Alert Priority vs Severity

Two attributes; different. Both matter.

Priority and severity are different axes

Severity is impact: how broken is the service for users. Priority is response order: which incidents do we work on first. Conflating the two is why backlog grooming sessions devolve, because a sev3 can still be P1 for a customer with a contractual deadline.

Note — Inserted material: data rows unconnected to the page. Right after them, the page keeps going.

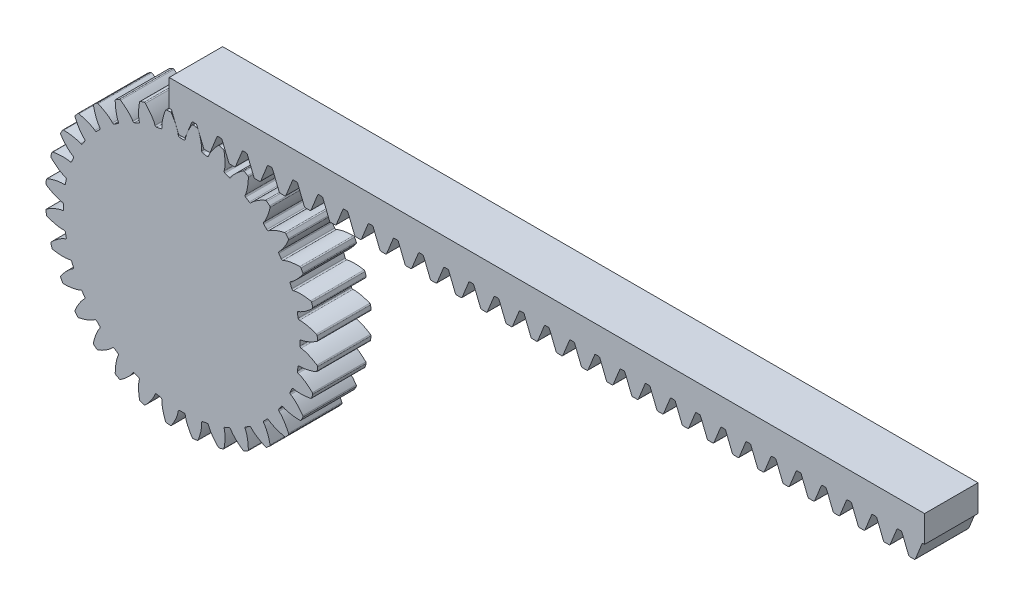
from build123d import *

# Parameters (mm, degrees)
SKETCH1_R                = 51
BOSS_EXTRUDE1_DEPTH      = 20
CUT_EXTRUDE3_DEPTH       = 75.846509605
FILLET1_R                = 0.5
CIRPATTERN1_COUNT        = 32
FILLET1_OF_CIRPATTERN1_R = 0.5
BOSS_EXTRUDE2_DEPTH      = 20
FILLET2_R                = 0.5
LPATTERN7_DEPTH          = 20


# Read off the part's stored shape, not the designer's step: LPattern7
with BuildPart() as part:
    # Sketch1 → Boss-Extrude1 (new body)
    with BuildSketch(Plane.XY):
        Circle(SKETCH1_R)
    extrude(amount=BOSS_EXTRUDE1_DEPTH)

    # Sketch3 → Cut-Extrude3 (cut, through all)
    with BuildSketch(Plane.XY):
        with BuildLine():
            add(Edge.make_bspline(
                [(1.29203821, 44.486066215), (1.302814451, 44.668832694), (1.366057296, 45.076437929), (1.534105828, 45.789290586), (1.827270897, 46.705234433), (2.128888857, 47.445621669), (2.32719165, 47.88141557), (2.355248368, 47.942181898)],
                knots=[0, 0, 0, 0, 0.040008387, 0.090017613, 0.160030412, 0.250046806, 0.264674884, 0.264674884, 0.264674884, 0.264674884], degree=3))
            add(Edge.make_bspline(
                [(2.355248368, 47.942181898), (2.787245487, 48.877818018), (3.339216628, 49.848020835), (3.952343038, 50.775687882), (3.997367676, 50.843102302)],
                knots=[0.264674884, 0.264674884, 0.264674884, 0.264674884, 0.489907489, 0.507621482, 0.507621482, 0.507621482, 0.507621482], degree=3))
            ThreePointArc((3.997367676, 50.843102302), (0, 51), (-3.997367676, 50.843102302))
            add(Edge.make_bspline(
                [(-2.355248368, 47.942181898), (-2.787245487, 48.877818018), (-3.339216628, 49.848020835), (-3.952343038, 50.775687882), (-3.997367676, 50.843102302)],
                knots=[0.264674884, 0.264674884, 0.264674884, 0.264674884, 0.489907489, 0.507621482, 0.507621482, 0.507621482, 0.507621482], degree=3))
            add(Edge.make_bspline(
                [(-1.29203821, 44.486066215), (-1.302814451, 44.668832694), (-1.366057296, 45.076437929), (-1.534105828, 45.789290586), (-1.827270897, 46.705234433), (-2.128888857, 47.445621669), (-2.32719165, 47.88141557), (-2.355248368, 47.942181898)],
                knots=[0, 0, 0, 0, 0.040008387, 0.090017613, 0.160030412, 0.250046806, 0.264674884, 0.264674884, 0.264674884, 0.264674884], degree=3))
            Line((-1.29203821, 44.486066215), (-1.284640278, 44.231348604))
            ThreePointArc((-1.284640278, 44.231348604), (0, 44.25), (1.284640278, 44.231348604))
            Line((1.284640278, 44.231348604), (1.29203821, 44.486066215))
        make_face()
    cut_extrude3 = extrude(amount=CUT_EXTRUDE3_DEPTH, mode=Mode.SUBTRACT)

    # Fillet1
    fillet1_edges = [part.edges().sort_by_distance(p)[0] for p in [
        (1.284640278, 44.231348604, 10),
        (-1.284640278, 44.231348604, 10),
        (3.997367676, 50.843102302, 10),
        (-3.997367676, 50.843102302, 10),
    ]]
    fillet(fillet1_edges, radius=FILLET1_R)

    # CirPattern1: Cut-Extrude3 ×32 about axis
    cirpattern1_axis = Axis((0, 0, 71.213492813), (0, 0, -1))
    for i in range(1, CIRPATTERN1_COUNT):
        add(cut_extrude3.rotate(cirpattern1_axis, i * 360 / CIRPATTERN1_COUNT), mode=Mode.SUBTRACT)

    # Fillet1 of CirPattern1
    fillet1_of_cirpattern1_edges = [part.edges().sort_by_distance(p)[0] for p in [
        (9.889064318, 43.130834758, 10),
        (7.369151767, 43.632076529, 10),
        (13.839556578, 49.0863186, 10),
        (5.998437823, 50.646014095, 10),
        (18.113457161, 40.37282712, 10),
        (15.739751443, 41.356048222, 10),
        (23.149899081, 45.443175203, 10),
        (15.763726721, 48.502627969, 10),
        (25.641760005, 36.063314377, 10),
        (23.505481297, 37.490730174, 10),
        (31.570603945, 40.053676068, 10),
        (24.923224441, 44.49531305, 10),
        (32.184664391, 30.367908687, 10),
        (30.367908687, 32.184664391, 10),
        (38.778068205, 33.124936623, 10),
        (33.124936623, 38.778068205, 10),
        (37.490730174, 23.505481297, 10),
        (36.063314377, 25.641760005, 10),
        (44.49531305, 24.923224441, 10),
        (40.053676068, 31.570603945, 10),
        (41.356048222, 15.739751443, 10),
        (40.37282712, 18.113457161, 10),
        (48.502627969, 15.763726721, 10),
        (45.443175203, 23.149899081, 10),
        (43.632076529, 7.369151767, 10),
        (43.130834758, 9.889064318, 10),
        (50.646014095, 5.998437823, 10),
        (49.0863186, 13.839556578, 10),
        (44.231348604, -1.284640278, 10),
        (44.231348604, 1.284640278, 10),
        (50.843102302, -3.997367676, 10),
        (50.843102302, 3.997367676, 10),
        (43.130834758, -9.889064318, 10),
        (43.632076529, -7.369151767, 10),
        (49.0863186, -13.839556578, 10),
        (50.646014095, -5.998437823, 10),
        (40.37282712, -18.113457161, 10),
        (41.356048222, -15.739751443, 10),
        (45.443175203, -23.149899081, 10),
        (48.502627969, -15.763726721, 10),
        (36.063314377, -25.641760005, 10),
        (37.490730174, -23.505481297, 10),
        (40.053676068, -31.570603945, 10),
        (44.49531305, -24.923224441, 10),
        (30.367908687, -32.184664391, 10),
        (32.184664391, -30.367908687, 10),
        (33.124936623, -38.778068205, 10),
        (38.778068205, -33.124936623, 10),
        (23.505481297, -37.490730174, 10),
        (25.641760005, -36.063314377, 10),
        (24.923224441, -44.49531305, 10),
        (31.570603945, -40.053676068, 10),
        (15.739751443, -41.356048222, 10),
        (18.113457161, -40.37282712, 10),
        (15.763726721, -48.502627969, 10),
        (23.149899081, -45.443175203, 10),
        (7.369151767, -43.632076529, 10),
        (9.889064318, -43.130834758, 10),
        (5.998437823, -50.646014095, 10),
        (13.839556578, -49.0863186, 10),
        (-1.284640278, -44.231348604, 10),
        (1.284640278, -44.231348604, 10),
        (-3.997367676, -50.843102302, 10),
        (3.997367676, -50.843102302, 10),
        (-9.889064318, -43.130834758, 10),
        (-7.369151767, -43.632076529, 10),
        (-13.839556578, -49.0863186, 10),
        (-5.998437823, -50.646014095, 10),
        (-18.113457161, -40.37282712, 10),
        (-15.739751443, -41.356048222, 10),
        (-23.149899081, -45.443175203, 10),
        (-15.763726721, -48.502627969, 10),
        (-25.641760005, -36.063314377, 10),
        (-23.505481297, -37.490730174, 10),
        (-31.570603945, -40.053676068, 10),
        (-24.923224441, -44.49531305, 10),
        (-32.184664391, -30.367908687, 10),
        (-30.367908687, -32.184664391, 10),
        (-38.778068205, -33.124936623, 10),
        (-33.124936623, -38.778068205, 10),
        (-37.490730174, -23.505481297, 10),
        (-36.063314377, -25.641760005, 10),
        (-44.49531305, -24.923224441, 10),
        (-40.053676068, -31.570603945, 10),
        (-41.356048222, -15.739751443, 10),
        (-40.37282712, -18.113457161, 10),
        (-48.502627969, -15.763726721, 10),
        (-45.443175203, -23.149899081, 10),
        (-43.632076529, -7.369151767, 10),
        (-43.130834758, -9.889064318, 10),
        (-50.646014095, -5.998437823, 10),
        (-49.0863186, -13.839556578, 10),
        (-44.231348604, 1.284640278, 10),
        (-44.231348604, -1.284640278, 10),
        (-50.843102302, 3.997367676, 10),
        (-50.843102302, -3.997367676, 10),
        (-43.130834758, 9.889064318, 10),
        (-43.632076529, 7.369151767, 10),
        (-49.0863186, 13.839556578, 10),
        (-50.646014095, 5.998437823, 10),
        (-40.37282712, 18.113457161, 10),
        (-41.356048222, 15.739751443, 10),
        (-45.443175203, 23.149899081, 10),
        (-48.502627969, 15.763726721, 10),
        (-36.063314377, 25.641760005, 10),
        (-37.490730174, 23.505481297, 10),
        (-40.053676068, 31.570603945, 10),
        (-44.49531305, 24.923224441, 10),
        (-30.367908687, 32.184664391, 10),
        (-32.184664391, 30.367908687, 10),
        (-33.124936623, 38.778068205, 10),
        (-38.778068205, 33.124936623, 10),
        (-23.505481297, 37.490730174, 10),
        (-25.641760005, 36.063314377, 10),
        (-24.923224441, 44.49531305, 10),
        (-31.570603945, 40.053676068, 10),
        (-15.739751443, 41.356048222, 10),
        (-18.113457161, 40.37282712, 10),
        (-15.763726721, 48.502627969, 10),
        (-23.149899081, 45.443175203, 10),
        (-7.369151767, 43.632076529, 10),
        (-9.889064318, 43.130834758, 10),
        (-5.998437823, 50.646014095, 10),
        (-13.839556578, 49.0863186, 10),
    ]]
    fillet(fillet1_of_cirpattern1_edges, radius=FILLET1_OF_CIRPATTERN1_R)


with BuildPart() as body_2:
    # Sketch4 → Boss-Extrude2 (new body)
    with BuildSketch(Plane.XY):
        Polygon((3.871445061, 51.75), (1.144268037, 45), (-1.144268037, 45), (-3.871445061, 51.75), (-4.71238898, 51.75), (-4.71238898, 61.75), (4.71238898, 61.75), (4.71238898, 51.75), align=None)
    extrude(amount=BOSS_EXTRUDE2_DEPTH)

    # Fillet2
    fillet2_edges = [body_2.edges().sort_by_distance(p)[0] for p in [
        (-1.144268037, 45, 10),
        (1.144268037, 45, 10),
        (3.871445061, 51.75, 10),
        (-3.871445061, 51.75, 10),
    ]]
    fillet(fillet2_edges, radius=FILLET2_R)

    # LPattern7 outline → LPattern7 (add)
    with BuildSketch(Plane.XY):
        with BuildLine():
            Line((4.71238898, 51.75), (5.216078641, 51.75))
            ThreePointArc((5.216078641, 51.75), (5.495675093, 51.664518786), (5.679670568, 51.437303297))
            Line((5.679670568, 51.437303297), (8.154172255, 45.312696703))
            ThreePointArc((8.154172255, 45.312696703), (8.338167731, 45.085481214), (8.617764182, 45))
            Line((8.617764182, 45), (10.231791739, 45))
            ThreePointArc((10.231791739, 45), (10.511388191, 45.085481214), (10.695383667, 45.312696703))
            Line((10.695383667, 45.312696703), (13.169885353, 51.437303297))
            ThreePointArc((13.169885353, 51.437303297), (13.353880829, 51.664518786), (13.633477281, 51.75))
            Line((13.633477281, 51.75), (14.640856602, 51.75))
            ThreePointArc((14.640856602, 51.75), (14.920453054, 51.664518786), (15.104448529, 51.437303297))
            Line((15.104448529, 51.437303297), (17.578950216, 45.312696703))
            ThreePointArc((17.578950216, 45.312696703), (17.762945691, 45.085481214), (18.042542143, 45))
            Line((18.042542143, 45), (19.6565697, 45))
            ThreePointArc((19.6565697, 45), (19.936166152, 45.085481214), (20.120161627, 45.312696703))
            Line((20.120161627, 45.312696703), (22.594663314, 51.437303297))
            ThreePointArc((22.594663314, 51.437303297), (22.77865879, 51.664518786), (23.058255241, 51.75))
            Line((23.058255241, 51.75), (24.065634563, 51.75))
            ThreePointArc((24.065634563, 51.75), (24.345231014, 51.664518786), (24.52922649, 51.437303297))
            Line((24.52922649, 51.437303297), (27.003728177, 45.312696703))
            ThreePointArc((27.003728177, 45.312696703), (27.187723652, 45.085481214), (27.467320104, 45))
            Line((27.467320104, 45), (29.081347661, 45))
            ThreePointArc((29.081347661, 45), (29.360944113, 45.085481214), (29.544939588, 45.312696703))
            Line((29.544939588, 45.312696703), (32.019441275, 51.437303297))
            ThreePointArc((32.019441275, 51.437303297), (32.20343675, 51.664518786), (32.483033202, 51.75))
            Line((32.483033202, 51.75), (33.490412523, 51.75))
            ThreePointArc((33.490412523, 51.75), (33.770008975, 51.664518786), (33.954004451, 51.437303297))
            Line((33.954004451, 51.437303297), (36.428506137, 45.312696703))
            ThreePointArc((36.428506137, 45.312696703), (36.612501613, 45.085481214), (36.892098065, 45))
            Line((36.892098065, 45), (38.506125622, 45))
            ThreePointArc((38.506125622, 45), (38.785722073, 45.085481214), (38.969717549, 45.312696703))
            Line((38.969717549, 45.312696703), (41.444219236, 51.437303297))
            ThreePointArc((41.444219236, 51.437303297), (41.628214711, 51.664518786), (41.907811163, 51.75))
            Line((41.907811163, 51.75), (42.915190484, 51.75))
            ThreePointArc((42.915190484, 51.75), (43.194786936, 51.664518786), (43.378782411, 51.437303297))
            Line((43.378782411, 51.437303297), (45.853284098, 45.312696703))
            ThreePointArc((45.853284098, 45.312696703), (46.037279574, 45.085481214), (46.316876025, 45))
            Line((46.316876025, 45), (47.930903582, 45))
            ThreePointArc((47.930903582, 45), (48.210500034, 45.085481214), (48.39449551, 45.312696703))
            Line((48.39449551, 45.312696703), (50.868997196, 51.437303297))
            ThreePointArc((50.868997196, 51.437303297), (51.052992672, 51.664518786), (51.332589124, 51.75))
            Line((51.332589124, 51.75), (52.339968445, 51.75))
            ThreePointArc((52.339968445, 51.75), (52.619564897, 51.664518786), (52.803560372, 51.437303297))
            Line((52.803560372, 51.437303297), (55.278062059, 45.312696703))
            ThreePointArc((55.278062059, 45.312696703), (55.462057534, 45.085481214), (55.741653986, 45))
            Line((55.741653986, 45), (57.355681543, 45))
            ThreePointArc((57.355681543, 45), (57.635277995, 45.085481214), (57.81927347, 45.312696703))
            Line((57.81927347, 45.312696703), (60.293775157, 51.437303297))
            ThreePointArc((60.293775157, 51.437303297), (60.477770633, 51.664518786), (60.757367084, 51.75))
            Line((60.757367084, 51.75), (61.764746406, 51.75))
            ThreePointArc((61.764746406, 51.75), (62.044342857, 51.664518786), (62.228338333, 51.437303297))
            Line((62.228338333, 51.437303297), (64.70284002, 45.312696703))
            ThreePointArc((64.70284002, 45.312696703), (64.886835495, 45.085481214), (65.166431947, 45))
            Line((65.166431947, 45), (66.780459504, 45))
            ThreePointArc((66.780459504, 45), (67.060055956, 45.085481214), (67.244051431, 45.312696703))
            Line((67.244051431, 45.312696703), (69.718553118, 51.437303297))
            ThreePointArc((69.718553118, 51.437303297), (69.902548593, 51.664518786), (70.182145045, 51.75))
            Line((70.182145045, 51.75), (71.189524366, 51.75))
            ThreePointArc((71.189524366, 51.75), (71.469120818, 51.664518786), (71.653116294, 51.437303297))
            Line((71.653116294, 51.437303297), (74.12761798, 45.312696703))
            ThreePointArc((74.12761798, 45.312696703), (74.311613456, 45.085481214), (74.591209908, 45))
            Line((74.591209908, 45), (76.205237465, 45))
            ThreePointArc((76.205237465, 45), (76.484833916, 45.085481214), (76.668829392, 45.312696703))
            Line((76.668829392, 45.312696703), (79.143331079, 51.437303297))
            ThreePointArc((79.143331079, 51.437303297), (79.327326554, 51.664518786), (79.606923006, 51.75))
            Line((79.606923006, 51.75), (80.614302327, 51.75))
            ThreePointArc((80.614302327, 51.75), (80.893898779, 51.664518786), (81.077894254, 51.437303297))
            Line((81.077894254, 51.437303297), (83.552395941, 45.312696703))
            ThreePointArc((83.552395941, 45.312696703), (83.736391417, 45.085481214), (84.015987868, 45))
            Line((84.015987868, 45), (85.630015425, 45))
            ThreePointArc((85.630015425, 45), (85.909611877, 45.085481214), (86.093607353, 45.312696703))
            Line((86.093607353, 45.312696703), (88.568109039, 51.437303297))
            ThreePointArc((88.568109039, 51.437303297), (88.752104515, 51.664518786), (89.031700967, 51.75))
            Line((89.031700967, 51.75), (90.039080288, 51.75))
            ThreePointArc((90.039080288, 51.75), (90.31867674, 51.664518786), (90.502672215, 51.437303297))
            Line((90.502672215, 51.437303297), (92.977173902, 45.312696703))
            ThreePointArc((92.977173902, 45.312696703), (93.161169377, 45.085481214), (93.440765829, 45))
            Line((93.440765829, 45), (95.054793386, 45))
            ThreePointArc((95.054793386, 45), (95.334389838, 45.085481214), (95.518385313, 45.312696703))
            Line((95.518385313, 45.312696703), (97.992887, 51.437303297))
            ThreePointArc((97.992887, 51.437303297), (98.176882476, 51.664518786), (98.456478927, 51.75))
            Line((98.456478927, 51.75), (99.463858249, 51.75))
            ThreePointArc((99.463858249, 51.75), (99.7434547, 51.664518786), (99.927450176, 51.437303297))
            Line((99.927450176, 51.437303297), (102.401951863, 45.312696703))
            ThreePointArc((102.401951863, 45.312696703), (102.585947338, 45.085481214), (102.86554379, 45))
            Line((102.86554379, 45), (104.479571347, 45))
            ThreePointArc((104.479571347, 45), (104.759167799, 45.085481214), (104.943163274, 45.312696703))
            Line((104.943163274, 45.312696703), (107.417664961, 51.437303297))
            ThreePointArc((107.417664961, 51.437303297), (107.601660436, 51.664518786), (107.881256888, 51.75))
            Line((107.881256888, 51.75), (108.888636209, 51.75))
            ThreePointArc((108.888636209, 51.75), (109.168232661, 51.664518786), (109.352228137, 51.437303297))
            Line((109.352228137, 51.437303297), (111.826729823, 45.312696703))
            ThreePointArc((111.826729823, 45.312696703), (112.010725299, 45.085481214), (112.290321751, 45))
            Line((112.290321751, 45), (113.904349308, 45))
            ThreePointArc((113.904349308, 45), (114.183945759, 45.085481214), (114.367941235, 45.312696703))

Severity is impact. Sev1 means production is broken for users; Sev3 means a feature is degraded for a small cohort.
Priority is response order. P1 is acted on first; P3 waits; priority sequences the queue.
Different axes. Sev3 can still be P1 for a customer with a contractual deadline; the two axes are independent.
Per-incident both fields. Severity captures the technical impact; priority captures the business response order.

How to define severity

Severity definitions need to be sharp enough to trigger the right response automatically. Sev1 is revenue-impacting and customer-visible with no workaround; sev2 is degraded but not broken; sev3 is minor or cosmetic. Each tier maps to a specific response posture.

Sev1. Revenue-impacting, customer-visible, no workaround; page on-call, call the war room.
Sev2. Degraded but not broken; workaround exists; ticket, business-hours response.
Sev3. Minor or cosmetic; backlog; triage at next standup.
Per-tier response posture. The severity definition triggers the response, not just the urgency feeling.

How to define priority

Priority is about scheduling: when does this work happen relative to everything else. P1 cancels other work; P2 fits in this sprint and blocks the next; P3 sits in the backlog and gets reviewed at planning. Three tiers is enough; more fragments the data.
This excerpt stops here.